WORKING DATA –

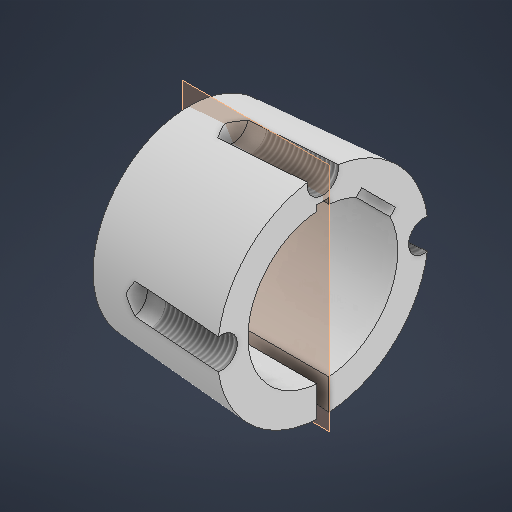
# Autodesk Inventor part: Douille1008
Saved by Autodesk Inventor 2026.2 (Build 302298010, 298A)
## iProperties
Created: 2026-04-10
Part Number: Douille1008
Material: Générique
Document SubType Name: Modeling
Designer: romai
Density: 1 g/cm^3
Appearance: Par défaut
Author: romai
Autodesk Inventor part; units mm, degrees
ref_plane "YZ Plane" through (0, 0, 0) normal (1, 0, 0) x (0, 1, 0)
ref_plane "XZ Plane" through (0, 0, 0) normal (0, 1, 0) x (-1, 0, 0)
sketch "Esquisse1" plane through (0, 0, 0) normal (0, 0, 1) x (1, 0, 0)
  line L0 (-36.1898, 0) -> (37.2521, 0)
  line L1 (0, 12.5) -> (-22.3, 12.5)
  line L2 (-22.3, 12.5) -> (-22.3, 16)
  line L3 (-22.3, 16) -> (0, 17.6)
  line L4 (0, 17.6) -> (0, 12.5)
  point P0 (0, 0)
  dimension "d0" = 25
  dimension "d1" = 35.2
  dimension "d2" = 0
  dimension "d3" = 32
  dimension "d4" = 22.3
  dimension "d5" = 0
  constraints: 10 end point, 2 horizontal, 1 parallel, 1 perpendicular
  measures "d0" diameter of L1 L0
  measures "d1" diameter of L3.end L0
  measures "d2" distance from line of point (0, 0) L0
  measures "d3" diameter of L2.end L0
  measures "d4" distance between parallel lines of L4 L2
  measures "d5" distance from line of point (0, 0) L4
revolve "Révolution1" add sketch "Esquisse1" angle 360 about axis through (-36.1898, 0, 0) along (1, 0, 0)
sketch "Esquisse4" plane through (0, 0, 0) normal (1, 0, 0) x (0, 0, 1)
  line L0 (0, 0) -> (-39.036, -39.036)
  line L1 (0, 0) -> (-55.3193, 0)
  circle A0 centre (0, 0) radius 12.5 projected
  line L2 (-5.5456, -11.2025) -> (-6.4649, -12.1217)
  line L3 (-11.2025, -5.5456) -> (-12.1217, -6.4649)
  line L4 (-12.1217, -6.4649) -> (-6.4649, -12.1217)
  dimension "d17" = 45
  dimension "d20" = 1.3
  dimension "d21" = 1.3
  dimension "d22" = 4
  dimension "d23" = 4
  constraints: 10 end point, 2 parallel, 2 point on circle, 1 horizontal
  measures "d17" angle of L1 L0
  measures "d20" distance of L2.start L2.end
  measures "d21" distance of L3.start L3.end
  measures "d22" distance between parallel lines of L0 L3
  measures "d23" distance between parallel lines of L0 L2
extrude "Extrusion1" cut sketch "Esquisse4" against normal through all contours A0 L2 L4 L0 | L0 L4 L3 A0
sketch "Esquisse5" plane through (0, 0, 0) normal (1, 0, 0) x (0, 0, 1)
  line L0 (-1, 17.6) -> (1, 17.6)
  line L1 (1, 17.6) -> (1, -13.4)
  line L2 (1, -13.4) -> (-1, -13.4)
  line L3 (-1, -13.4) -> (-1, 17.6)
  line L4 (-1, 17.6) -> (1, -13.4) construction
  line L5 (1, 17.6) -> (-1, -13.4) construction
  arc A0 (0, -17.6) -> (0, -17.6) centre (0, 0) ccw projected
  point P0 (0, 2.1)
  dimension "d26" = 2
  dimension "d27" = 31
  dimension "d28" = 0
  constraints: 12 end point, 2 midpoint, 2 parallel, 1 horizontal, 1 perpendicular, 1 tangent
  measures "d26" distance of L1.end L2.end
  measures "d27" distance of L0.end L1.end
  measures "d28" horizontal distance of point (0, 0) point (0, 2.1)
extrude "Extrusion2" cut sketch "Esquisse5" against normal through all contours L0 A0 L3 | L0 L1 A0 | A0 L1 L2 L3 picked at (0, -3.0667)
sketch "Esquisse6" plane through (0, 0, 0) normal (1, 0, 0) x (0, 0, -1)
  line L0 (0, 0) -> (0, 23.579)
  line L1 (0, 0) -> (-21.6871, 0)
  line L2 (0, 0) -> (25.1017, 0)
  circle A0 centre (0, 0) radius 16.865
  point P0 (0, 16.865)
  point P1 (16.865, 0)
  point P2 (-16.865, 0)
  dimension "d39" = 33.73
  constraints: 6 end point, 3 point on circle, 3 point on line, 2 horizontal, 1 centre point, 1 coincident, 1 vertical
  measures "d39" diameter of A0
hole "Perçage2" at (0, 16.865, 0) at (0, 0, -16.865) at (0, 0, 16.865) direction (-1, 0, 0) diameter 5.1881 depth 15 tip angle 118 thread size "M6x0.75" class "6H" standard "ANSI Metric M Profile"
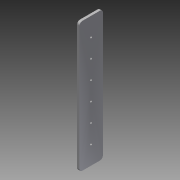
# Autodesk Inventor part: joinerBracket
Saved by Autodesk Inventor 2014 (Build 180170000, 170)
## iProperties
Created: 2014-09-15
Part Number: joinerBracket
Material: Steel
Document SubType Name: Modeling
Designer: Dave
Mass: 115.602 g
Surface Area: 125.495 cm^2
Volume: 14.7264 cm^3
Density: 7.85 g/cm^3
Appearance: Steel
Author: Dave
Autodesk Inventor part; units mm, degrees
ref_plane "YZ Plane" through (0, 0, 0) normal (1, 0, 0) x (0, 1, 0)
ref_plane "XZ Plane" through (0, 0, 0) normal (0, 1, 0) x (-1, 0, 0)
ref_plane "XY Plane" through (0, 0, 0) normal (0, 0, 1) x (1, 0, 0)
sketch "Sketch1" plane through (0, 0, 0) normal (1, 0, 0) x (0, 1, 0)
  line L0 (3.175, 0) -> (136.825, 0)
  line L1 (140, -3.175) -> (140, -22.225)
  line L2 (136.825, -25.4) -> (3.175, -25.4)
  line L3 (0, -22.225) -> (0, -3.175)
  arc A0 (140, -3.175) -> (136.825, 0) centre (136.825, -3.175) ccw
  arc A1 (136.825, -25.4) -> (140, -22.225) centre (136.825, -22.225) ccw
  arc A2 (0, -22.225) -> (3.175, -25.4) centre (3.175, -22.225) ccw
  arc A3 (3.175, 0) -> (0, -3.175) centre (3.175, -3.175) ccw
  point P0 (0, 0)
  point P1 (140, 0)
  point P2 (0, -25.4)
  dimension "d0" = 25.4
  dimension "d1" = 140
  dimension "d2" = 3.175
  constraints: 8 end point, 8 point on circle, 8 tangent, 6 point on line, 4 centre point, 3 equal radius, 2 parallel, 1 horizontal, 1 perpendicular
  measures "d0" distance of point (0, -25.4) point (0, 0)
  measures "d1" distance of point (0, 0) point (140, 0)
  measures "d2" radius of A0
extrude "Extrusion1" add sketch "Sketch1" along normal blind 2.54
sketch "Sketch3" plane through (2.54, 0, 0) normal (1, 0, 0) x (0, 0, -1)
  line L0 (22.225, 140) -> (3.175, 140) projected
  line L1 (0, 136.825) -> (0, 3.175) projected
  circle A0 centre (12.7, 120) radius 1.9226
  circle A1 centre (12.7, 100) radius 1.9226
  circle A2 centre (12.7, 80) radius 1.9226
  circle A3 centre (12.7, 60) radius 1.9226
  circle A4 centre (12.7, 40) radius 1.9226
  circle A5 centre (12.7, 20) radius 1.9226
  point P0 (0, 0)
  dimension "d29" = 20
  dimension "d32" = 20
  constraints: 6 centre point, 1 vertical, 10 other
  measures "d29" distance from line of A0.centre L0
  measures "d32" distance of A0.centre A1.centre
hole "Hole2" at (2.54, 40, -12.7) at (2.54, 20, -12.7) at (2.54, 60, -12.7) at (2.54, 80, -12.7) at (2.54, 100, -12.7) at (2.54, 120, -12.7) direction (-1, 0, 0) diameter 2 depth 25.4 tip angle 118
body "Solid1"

YOUR GOAL –
Above are records; repeat only the lines from the line with "point P0 (0, 16.865)" through the line with "# Autodesk Inventor part: joinerBracket", and leave pictures out.

REPLY –
  point P0 (0, 16.865)
  point P1 (16.865, 0)
  point P2 (-16.865, 0)
  dimension "d39" = 33.73
  constraints: 6 end point, 3 point on circle, 3 point on line, 2 horizontal, 1 centre point, 1 coincident, 1 vertical
  measures "d39" diameter of A0
hole "Perçage2" at (0, 16.865, 0) at (0, 0, -16.865) at (0, 0, 16.865) direction (-1, 0, 0) diameter 5.1881 depth 15 tip angle 118 thread size "M6x0.75" class "6H" standard "ANSI Metric M Profile"
# Autodesk Inventor part: joinerBracket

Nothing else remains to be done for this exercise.